Relative amenability of subgroups

Let $\Gamma$ be a countable group and let $\Lambda_1,\Lambda_2<\Gamma$ be subgroups. We say that $\Lambda_1$ is amenable relative to $\Lambda_2$ if the action of $\Lambda_1$ on $\Gamma/\Lambda_2$ by left translation admits an invariant mean.

Let now $\Sigma<\Lambda<\Gamma$ be subgroups and let $G<N_\Gamma(\Sigma)$ be a subgroup of the normalizer of $\Sigma$ in $\Gamma$. Assume that $G$ is amenable relative to $\Lambda$.

Question: Is $\Sigma G$ still amenable relative to $\Lambda$ ?

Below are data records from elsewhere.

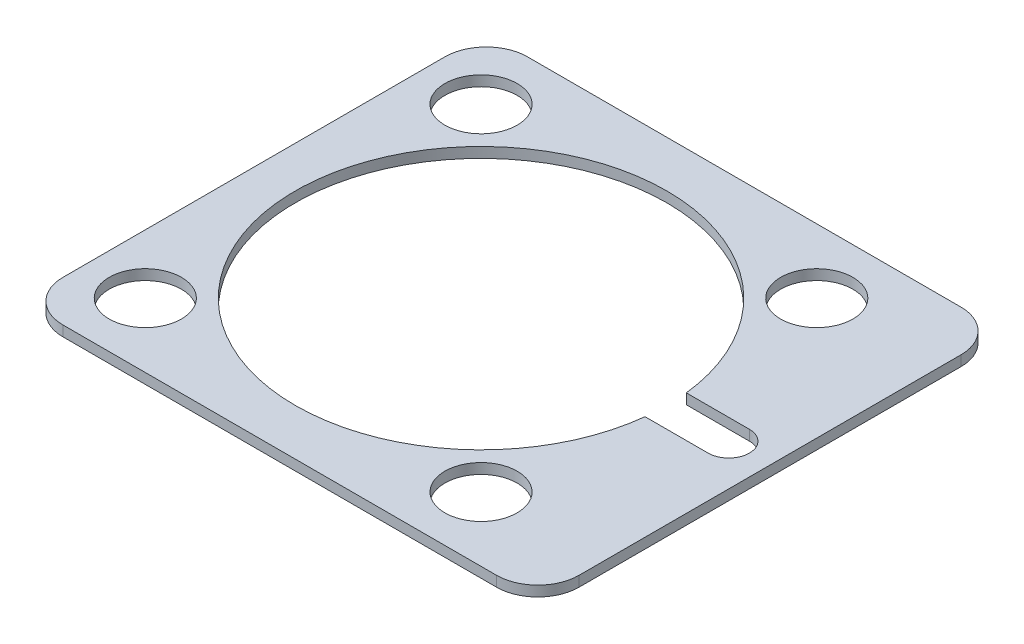
ISO-10303-21;
HEADER;
FILE_DESCRIPTION(('STEP AP214'),'2;1');
FILE_NAME('part.step','',(''),(''),'','','');
FILE_SCHEMA(('AUTOMOTIVE_DESIGN { 1 0 10303 214 1 1 1 1 }'));
ENDSEC;
DATA;
#1=APPLICATION_CONTEXT('core data for automotive mechanical design processes');
#2=APPLICATION_PROTOCOL_DEFINITION('international standard','automotive_design',2000,#1);
#3=PRODUCT_CONTEXT('',#1,'mechanical');
#4=PRODUCT('Part','Part','',(#3));
#5=PRODUCT_RELATED_PRODUCT_CATEGORY('part','',(#4));
#6=PRODUCT_DEFINITION_FORMATION('','',#4);
#7=PRODUCT_DEFINITION_CONTEXT('part definition',#1,'design');
#8=PRODUCT_DEFINITION('design','',#6,#7);
#9=PRODUCT_DEFINITION_SHAPE('','',#8);
#10=(LENGTH_UNIT() NAMED_UNIT(*) SI_UNIT(.MILLI.,.METRE.));
#11=(NAMED_UNIT(*) PLANE_ANGLE_UNIT() SI_UNIT($,.RADIAN.));
#12=(NAMED_UNIT(*) SI_UNIT($,.STERADIAN.) SOLID_ANGLE_UNIT());
#13=UNCERTAINTY_MEASURE_WITH_UNIT(LENGTH_MEASURE(1.E-05),#10,'distance_accuracy_value','');
#14=(GEOMETRIC_REPRESENTATION_CONTEXT(3) GLOBAL_UNCERTAINTY_ASSIGNED_CONTEXT((#13)) GLOBAL_UNIT_ASSIGNED_CONTEXT((#10,
#11,#12)) REPRESENTATION_CONTEXT('',''));
#15=CARTESIAN_POINT('',(0.,0.,0.));
#16=DIRECTION('',(0.,0.,1.));
#17=DIRECTION('',(1.,0.,0.));
#18=AXIS2_PLACEMENT_3D('',#15,#16,#17);
#19=CARTESIAN_POINT('',(-22.,0.5,22.5));
#20=DIRECTION('',(1.,0.,0.));
#21=DIRECTION('',(0.,0.,-1.));
#22=AXIS2_PLACEMENT_3D('',#19,#20,#21);
#23=PLANE('',#22);
#24=DIRECTION('',(0.,0.,1.));
#25=VECTOR('',#24,1.);
#26=CARTESIAN_POINT('',(-22.,0.5,22.5));
#27=LINE('',#26,#25);
#28=CARTESIAN_POINT('',(-22.,0.5,-18.5));
#29=VERTEX_POINT('',#28);
#30=CARTESIAN_POINT('',(-22.,0.5,18.5));
#31=VERTEX_POINT('',#30);
#32=EDGE_CURVE('E198',#29,#31,#27,.T.);
#33=ORIENTED_EDGE('',*,*,#32,.F.);
#34=DIRECTION('',(0.,-1.,0.));
#35=VECTOR('',#34,1.);
#36=CARTESIAN_POINT('',(-22.,0.5,-18.5));
#37=LINE('',#36,#35);
#38=CARTESIAN_POINT('',(-22.,-0.5,-18.5));
#39=VERTEX_POINT('',#38);
#40=EDGE_CURVE('E229',#29,#39,#37,.T.);
#41=ORIENTED_EDGE('',*,*,#40,.T.);
#42=DIRECTION('',(0.,0.,1.));
#43=VECTOR('',#42,1.);
#44=CARTESIAN_POINT('',(-22.,-0.5,22.5));
#45=LINE('',#44,#43);
#46=CARTESIAN_POINT('',(-22.,-0.5,18.5));
#47=VERTEX_POINT('',#46);
#48=EDGE_CURVE('E192',#39,#47,#45,.T.);
#49=ORIENTED_EDGE('',*,*,#48,.T.);
#50=DIRECTION('',(0.,-1.,0.));
#51=VECTOR('',#50,1.);
#52=CARTESIAN_POINT('',(-22.,0.5,18.5));
#53=LINE('',#52,#51);
#54=EDGE_CURVE('E213',#47,#31,#53,.F.);
#55=ORIENTED_EDGE('',*,*,#54,.T.);
#56=EDGE_LOOP('',(#33,#41,#49,#55));
#57=FACE_BOUND('',#56,.T.);
#58=ADVANCED_FACE('F45',(#57),#23,.F.);
#59=CARTESIAN_POINT('',(28.,0.5,22.5));
#60=DIRECTION('',(0.,0.,-1.));
#61=DIRECTION('',(-1.,0.,0.));
#62=AXIS2_PLACEMENT_3D('',#59,#60,#61);
#63=PLANE('',#62);
#64=DIRECTION('',(1.,0.,0.));
#65=VECTOR('',#64,1.);
#66=CARTESIAN_POINT('',(28.,0.5,22.5));
#67=LINE('',#66,#65);
#68=CARTESIAN_POINT('',(-18.,0.5,22.5));
#69=VERTEX_POINT('',#68);
#70=CARTESIAN_POINT('',(24.,0.5,22.5));
#71=VERTEX_POINT('',#70);
#72=EDGE_CURVE('E202',#69,#71,#67,.T.);
#73=ORIENTED_EDGE('',*,*,#72,.F.);
#74=DIRECTION('',(0.,-1.,0.));
#75=VECTOR('',#74,1.);
#76=CARTESIAN_POINT('',(-18.,0.5,22.5));
#77=LINE('',#76,#75);
#78=CARTESIAN_POINT('',(-18.,-0.5,22.5));
#79=VERTEX_POINT('',#78);
#80=EDGE_CURVE('E11',#69,#79,#77,.T.);
#81=ORIENTED_EDGE('',*,*,#80,.T.);
#82=DIRECTION('',(1.,0.,0.));
#83=VECTOR('',#82,1.);
#84=CARTESIAN_POINT('',(28.,-0.5,22.5));
#85=LINE('',#84,#83);
#86=CARTESIAN_POINT('',(24.,-0.5,22.5));
#87=VERTEX_POINT('',#86);
#88=EDGE_CURVE('E217',#79,#87,#85,.T.);
#89=ORIENTED_EDGE('',*,*,#88,.T.);
#90=DIRECTION('',(0.,-1.,0.));
#91=VECTOR('',#90,1.);
#92=CARTESIAN_POINT('',(24.,0.5,22.5));
#93=LINE('',#92,#91);
#94=EDGE_CURVE('E54',#87,#71,#93,.F.);
#95=ORIENTED_EDGE('',*,*,#94,.T.);
#96=EDGE_LOOP('',(#73,#81,#89,#95));
#97=FACE_BOUND('',#96,.T.);
#98=ADVANCED_FACE('F273',(#97),#63,.F.);
#99=CARTESIAN_POINT('',(28.,0.5,22.5));
#100=DIRECTION('',(-1.,0.,0.));
#101=DIRECTION('',(0.,0.,1.));
#102=AXIS2_PLACEMENT_3D('',#99,#100,#101);
#103=PLANE('',#102);
#104=DIRECTION('',(0.,0.,-1.));
#105=VECTOR('',#104,1.);
#106=CARTESIAN_POINT('',(28.,-0.5,22.5));
#107=LINE('',#106,#105);
#108=CARTESIAN_POINT('',(28.,-0.5,18.5));
#109=VERTEX_POINT('',#108);
#110=CARTESIAN_POINT('',(28.,-0.5,-18.5));
#111=VERTEX_POINT('',#110);
#112=EDGE_CURVE('E221',#109,#111,#107,.T.);
#113=ORIENTED_EDGE('',*,*,#112,.T.);
#114=DIRECTION('',(0.,-1.,0.));
#115=VECTOR('',#114,1.);
#116=CARTESIAN_POINT('',(28.,0.5,-18.5));
#117=LINE('',#116,#115);
#118=CARTESIAN_POINT('',(28.,0.5,-18.5));
#119=VERTEX_POINT('',#118);
#120=EDGE_CURVE('E61',#111,#119,#117,.F.);
#121=ORIENTED_EDGE('',*,*,#120,.T.);
#122=DIRECTION('',(0.,0.,-1.));
#123=VECTOR('',#122,1.);
#124=CARTESIAN_POINT('',(28.,0.5,22.5));
#125=LINE('',#124,#123);
#126=CARTESIAN_POINT('',(28.,0.5,18.5));
#127=VERTEX_POINT('',#126);
#128=EDGE_CURVE('E206',#127,#119,#125,.T.);
#129=ORIENTED_EDGE('',*,*,#128,.F.);
#130=DIRECTION('',(0.,-1.,0.));
#131=VECTOR('',#130,1.);
#132=CARTESIAN_POINT('',(28.,0.5,18.5));
#133=LINE('',#132,#131);
#134=EDGE_CURVE('E263',#127,#109,#133,.T.);
#135=ORIENTED_EDGE('',*,*,#134,.T.);
#136=EDGE_LOOP('',(#113,#121,#129,#135));
#137=FACE_BOUND('',#136,.T.);
#138=ADVANCED_FACE('F281',(#137),#103,.F.);
#139=CARTESIAN_POINT('',(28.,0.5,-22.5));
#140=DIRECTION('',(0.,0.,1.));
#141=DIRECTION('',(1.,0.,0.));
#142=AXIS2_PLACEMENT_3D('',#139,#140,#141);
#143=PLANE('',#142);
#144=DIRECTION('',(-1.,0.,0.));
#145=VECTOR('',#144,1.);
#146=CARTESIAN_POINT('',(28.,-0.5,-22.5));
#147=LINE('',#146,#145);
#148=CARTESIAN_POINT('',(24.,-0.5,-22.5));
#149=VERTEX_POINT('',#148);
#150=CARTESIAN_POINT('',(-18.,-0.5,-22.5));
#151=VERTEX_POINT('',#150);
#152=EDGE_CURVE('E203',#149,#151,#147,.T.);
#153=ORIENTED_EDGE('',*,*,#152,.T.);
#154=DIRECTION('',(0.,-1.,0.));
#155=VECTOR('',#154,1.);
#156=CARTESIAN_POINT('',(-18.,0.5,-22.5));
#157=LINE('',#156,#155);
#158=CARTESIAN_POINT('',(-18.,0.5,-22.5));
#159=VERTEX_POINT('',#158);
#160=EDGE_CURVE('E249',#151,#159,#157,.F.);
#161=ORIENTED_EDGE('',*,*,#160,.T.);
#162=DIRECTION('',(-1.,0.,0.));
#163=VECTOR('',#162,1.);
#164=CARTESIAN_POINT('',(28.,0.5,-22.5));
#165=LINE('',#164,#163);
#166=CARTESIAN_POINT('',(24.,0.5,-22.5));
#167=VERTEX_POINT('',#166);
#168=EDGE_CURVE('E209',#167,#159,#165,.T.);
#169=ORIENTED_EDGE('',*,*,#168,.F.);
#170=DIRECTION('',(0.,-1.,0.));
#171=VECTOR('',#170,1.);
#172=CARTESIAN_POINT('',(24.,0.5,-22.5));
#173=LINE('',#172,#171);
#174=EDGE_CURVE('E245',#167,#149,#173,.T.);
#175=ORIENTED_EDGE('',*,*,#174,.T.);
#176=EDGE_LOOP('',(#153,#161,#169,#175));
#177=FACE_BOUND('',#176,.T.);
#178=ADVANCED_FACE('F290',(#177),#143,.F.);
#179=CARTESIAN_POINT('',(0.,0.5,0.));
#180=DIRECTION('',(0.,1.,0.));
#181=DIRECTION('',(0.,0.,1.));
#182=AXIS2_PLACEMENT_3D('',#179,#180,#181);
#183=PLANE('',#182);
#184=CARTESIAN_POINT('',(-16.2634559672906,0.5,-16.2634559672906));
#185=DIRECTION('',(0.,1.,0.));
#186=DIRECTION('',(1.,0.,0.));
#187=AXIS2_PLACEMENT_3D('',#184,#185,#186);
#188=CIRCLE('',#187,3.5);
#189=CARTESIAN_POINT('',(-12.7634559672906,0.5,-16.2634559672906));
#190=VERTEX_POINT('',#189);
#191=EDGE_CURVE('E489',#190,#190,#188,.T.);
#192=ORIENTED_EDGE('',*,*,#191,.F.);
#193=EDGE_LOOP('',(#192));
#194=FACE_BOUND('',#193,.T.);
#195=CARTESIAN_POINT('',(-16.2634559672906,0.5,16.2634559672906));
#196=DIRECTION('',(0.,1.,0.));
#197=DIRECTION('',(0.,0.,-1.));
#198=AXIS2_PLACEMENT_3D('',#195,#196,#197);
#199=CIRCLE('',#198,3.5);
#200=CARTESIAN_POINT('',(-16.2634559672906,0.5,12.7634559672906));
#201=VERTEX_POINT('',#200);
#202=EDGE_CURVE('E483',#201,#201,#199,.T.);
#203=ORIENTED_EDGE('',*,*,#202,.F.);
#204=EDGE_LOOP('',(#203));
#205=FACE_BOUND('',#204,.T.);
#206=CARTESIAN_POINT('',(16.2634559672907,0.5,16.2634559672904));
#207=DIRECTION('',(0.,1.,0.));
#208=DIRECTION('',(-1.,0.,0.));
#209=AXIS2_PLACEMENT_3D('',#206,#207,#208);
#210=CIRCLE('',#209,3.5);
#211=CARTESIAN_POINT('',(12.7634559672907,0.5,16.2634559672905));
#212=VERTEX_POINT('',#211);
#213=EDGE_CURVE('E477',#212,#212,#210,.T.);
#214=ORIENTED_EDGE('',*,*,#213,.F.);
#215=EDGE_LOOP('',(#214));
#216=FACE_BOUND('',#215,.T.);
#217=CARTESIAN_POINT('',(16.2634559672906,0.5,-16.2634559672906));
#218=DIRECTION('',(0.,1.,0.));
#219=DIRECTION('',(0.,0.,1.));
#220=AXIS2_PLACEMENT_3D('',#217,#218,#219);
#221=CIRCLE('',#220,3.5);
#222=CARTESIAN_POINT('',(16.2634559672906,0.5,-12.7634559672906));
#223=VERTEX_POINT('',#222);
#224=EDGE_CURVE('E173',#223,#223,#221,.T.);
#225=ORIENTED_EDGE('',*,*,#224,.F.);
#226=EDGE_LOOP('',(#225));
#227=FACE_BOUND('',#226,.T.);
#228=CARTESIAN_POINT('',(0.,0.5,0.));
#229=DIRECTION('',(0.,1.,0.));
#230=DIRECTION('',(0.,0.,1.));
#231=AXIS2_PLACEMENT_3D('',#228,#229,#230);
#232=CIRCLE('',#231,18.);
#233=CARTESIAN_POINT('',(17.8885438199983,0.5,-2.));
#234=VERTEX_POINT('',#233);
#235=CARTESIAN_POINT('',(17.8885438199983,0.5,2.));
#236=VERTEX_POINT('',#235);
#237=EDGE_CURVE('E144',#234,#236,#232,.T.);
#238=ORIENTED_EDGE('',*,*,#237,.F.);
#239=DIRECTION('',(-1.,0.,0.));
#240=VECTOR('',#239,1.);
#241=CARTESIAN_POINT('',(17.8885438199983,0.5,-2.));
#242=LINE('',#241,#240);
#243=CARTESIAN_POINT('',(24.,0.5,-2.));
#244=VERTEX_POINT('',#243);
#245=EDGE_CURVE('E165',#244,#234,#242,.T.);
#246=ORIENTED_EDGE('',*,*,#245,.F.);
#247=CARTESIAN_POINT('',(24.,0.5,0.));
#248=DIRECTION('',(0.,1.,0.));
#249=DIRECTION('',(0.,0.,1.));
#250=AXIS2_PLACEMENT_3D('',#247,#248,#249);
#251=CIRCLE('',#250,2.);
#252=CARTESIAN_POINT('',(24.,0.5,2.));
#253=VERTEX_POINT('',#252);
#254=EDGE_CURVE('E170',#253,#244,#251,.T.);
#255=ORIENTED_EDGE('',*,*,#254,.F.);
#256=DIRECTION('',(1.,0.,0.));
#257=VECTOR('',#256,1.);
#258=CARTESIAN_POINT('',(17.8885438199983,0.5,2.));
#259=LINE('',#258,#257);
#260=EDGE_CURVE('E182',#236,#253,#259,.T.);
#261=ORIENTED_EDGE('',*,*,#260,.F.);
#262=EDGE_LOOP('',(#238,#246,#255,#261));
#263=FACE_BOUND('',#262,.T.);
#264=ORIENTED_EDGE('',*,*,#168,.T.);
#265=CARTESIAN_POINT('',(-18.,0.5,-18.5));
#266=DIRECTION('',(0.,1.,0.));
#267=DIRECTION('',(0.,0.,1.));
#268=AXIS2_PLACEMENT_3D('',#265,#266,#267);
#269=CIRCLE('',#268,4.);
#270=EDGE_CURVE('E260',#159,#29,#269,.T.);
#271=ORIENTED_EDGE('',*,*,#270,.T.);
#272=ORIENTED_EDGE('',*,*,#32,.T.);
#273=CARTESIAN_POINT('',(-18.,0.5,18.5));
#274=DIRECTION('',(0.,1.,0.));
#275=DIRECTION('',(0.,0.,1.));
#276=AXIS2_PLACEMENT_3D('',#273,#274,#275);
#277=CIRCLE('',#276,4.);
#278=EDGE_CURVE('E254',#31,#69,#277,.T.);
#279=ORIENTED_EDGE('',*,*,#278,.T.);
#280=ORIENTED_EDGE('',*,*,#72,.T.);
#281=CARTESIAN_POINT('',(24.,0.5,18.5));
#282=DIRECTION('',(0.,1.,0.));
#283=DIRECTION('',(0.,0.,1.));
#284=AXIS2_PLACEMENT_3D('',#281,#282,#283);
#285=CIRCLE('',#284,4.);
#286=EDGE_CURVE('E68',#71,#127,#285,.T.);
#287=ORIENTED_EDGE('',*,*,#286,.T.);
#288=ORIENTED_EDGE('',*,*,#128,.T.);
#289=CARTESIAN_POINT('',(24.,0.5,-18.5));
#290=DIRECTION('',(0.,1.,0.));
#291=DIRECTION('',(0.,0.,1.));
#292=AXIS2_PLACEMENT_3D('',#289,#290,#291);
#293=CIRCLE('',#292,4.);
#294=EDGE_CURVE('E257',#119,#167,#293,.T.);
#295=ORIENTED_EDGE('',*,*,#294,.T.);
#296=EDGE_LOOP('',(#264,#271,#272,#279,#280,#287,#288,#295));
#297=FACE_BOUND('',#296,.T.);
#298=ADVANCED_FACE('F277',(#194,#205,#216,#227,#263,#297),#183,.T.);
#299=CARTESIAN_POINT('',(0.,-0.5,0.));
#300=DIRECTION('',(0.,1.,0.));
#301=DIRECTION('',(0.,0.,1.));
#302=AXIS2_PLACEMENT_3D('',#299,#300,#301);
#303=PLANE('',#302);
#304=CARTESIAN_POINT('',(-16.2634559672906,-0.5,-16.2634559672906));
#305=DIRECTION('',(0.,1.,0.));
#306=DIRECTION('',(1.,0.,0.));
#307=AXIS2_PLACEMENT_3D('',#304,#305,#306);
#308=CIRCLE('',#307,3.5);
#309=CARTESIAN_POINT('',(-12.7634559672906,-0.5,-16.2634559672906));
#310=VERTEX_POINT('',#309);
#311=EDGE_CURVE('E461',#310,#310,#308,.T.);
#312=ORIENTED_EDGE('',*,*,#311,.T.);
#313=EDGE_LOOP('',(#312));
#314=FACE_BOUND('',#313,.T.);
#315=CARTESIAN_POINT('',(-16.2634559672906,-0.5,16.2634559672906));
#316=DIRECTION('',(0.,1.,0.));
#317=DIRECTION('',(0.,0.,-1.));
#318=AXIS2_PLACEMENT_3D('',#315,#316,#317);
#319=CIRCLE('',#318,3.5);
#320=CARTESIAN_POINT('',(-16.2634559672906,-0.5,12.7634559672906));
#321=VERTEX_POINT('',#320);
#322=EDGE_CURVE('E465',#321,#321,#319,.T.);
#323=ORIENTED_EDGE('',*,*,#322,.T.);
#324=EDGE_LOOP('',(#323));
#325=FACE_BOUND('',#324,.T.);
#326=CARTESIAN_POINT('',(16.2634559672907,-0.5,16.2634559672904));
#327=DIRECTION('',(0.,1.,0.));
#328=DIRECTION('',(-1.,0.,0.));
#329=AXIS2_PLACEMENT_3D('',#326,#327,#328);
#330=CIRCLE('',#329,3.5);
#331=CARTESIAN_POINT('',(12.7634559672907,-0.5,16.2634559672905));
#332=VERTEX_POINT('',#331);
#333=EDGE_CURVE('E469',#332,#332,#330,.T.);
#334=ORIENTED_EDGE('',*,*,#333,.T.);
#335=EDGE_LOOP('',(#334));
#336=FACE_BOUND('',#335,.T.);
#337=CARTESIAN_POINT('',(16.2634559672906,-0.5,-16.2634559672906));
#338=DIRECTION('',(0.,1.,0.));
#339=DIRECTION('',(0.,0.,1.));
#340=AXIS2_PLACEMENT_3D('',#337,#338,#339);
#341=CIRCLE('',#340,3.5);
#342=CARTESIAN_POINT('',(16.2634559672906,-0.5,-12.7634559672906));
#343=VERTEX_POINT('',#342);
#344=EDGE_CURVE('E183',#343,#343,#341,.T.);
#345=ORIENTED_EDGE('',*,*,#344,.T.);
#346=EDGE_LOOP('',(#345));
#347=FACE_BOUND('',#346,.T.);
#348=DIRECTION('',(-1.,0.,0.));
#349=VECTOR('',#348,1.);
#350=CARTESIAN_POINT('',(17.8885438199983,-0.5,-2.));
#351=LINE('',#350,#349);
#352=CARTESIAN_POINT('',(24.,-0.5,-2.));
#353=VERTEX_POINT('',#352);
#354=CARTESIAN_POINT('',(17.8885438199983,-0.5,-2.));
#355=VERTEX_POINT('',#354);
#356=EDGE_CURVE('E150',#353,#355,#351,.T.);
#357=ORIENTED_EDGE('',*,*,#356,.T.);
#358=CARTESIAN_POINT('',(0.,-0.5,0.));
#359=DIRECTION('',(0.,1.,0.));
#360=DIRECTION('',(0.,0.,1.));
#361=AXIS2_PLACEMENT_3D('',#358,#359,#360);
#362=CIRCLE('',#361,18.);
#363=CARTESIAN_POINT('',(17.8885438199983,-0.5,2.));
#364=VERTEX_POINT('',#363);
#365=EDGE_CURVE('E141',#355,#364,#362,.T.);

• I guess $\Sigma G$ is not (generally) amenable relative to $\Lambda$. Take for example $G=\{e\}$, the trivial group, then $\Sigma$ has to be amenable relative to $\Lambda$. I notice that my counterexample is not a complete proof, but I hope it sheds some light to the problem.
– user23860
Sep 26 '13 at 14:19
• @Vahid: Although it is not explicitly stated, I'm interested in the case when $G$ is nontrivial. Sep 26 '13 at 14:25
• Actually it doesn't matter, because if $\Sigma G$ is amenable relative to $\Lambda$, then $\Sigma$ (as a subgroup of $\Sigma G$) has to be amenable relative to $\Lambda$.
– user23860
Sep 26 '13 at 14:34

Here is a counterexample. Take $\Delta$ a non-amenable group, and set $\Gamma = (\mathbb Z/2 \mathbb Z) \ltimes (\Delta \times \Delta)$, where the action is via the flip automorphism on $\Delta \times \Delta$. Let $\Sigma = \Lambda$ be the first copy of $\Delta$, and let $G$ be the second copy of $\Delta$.
Then $G$ is conjugate to $\Lambda$ and hence $\Gamma / \Lambda$ has a $G$-fixed point, and in particular, has a $G$-invariant mean. On the other hand, $\Gamma / \Lambda$ has two $\Sigma G$-orbits and neither can have an invariant mean since both witness the non-amenability of $\Delta$.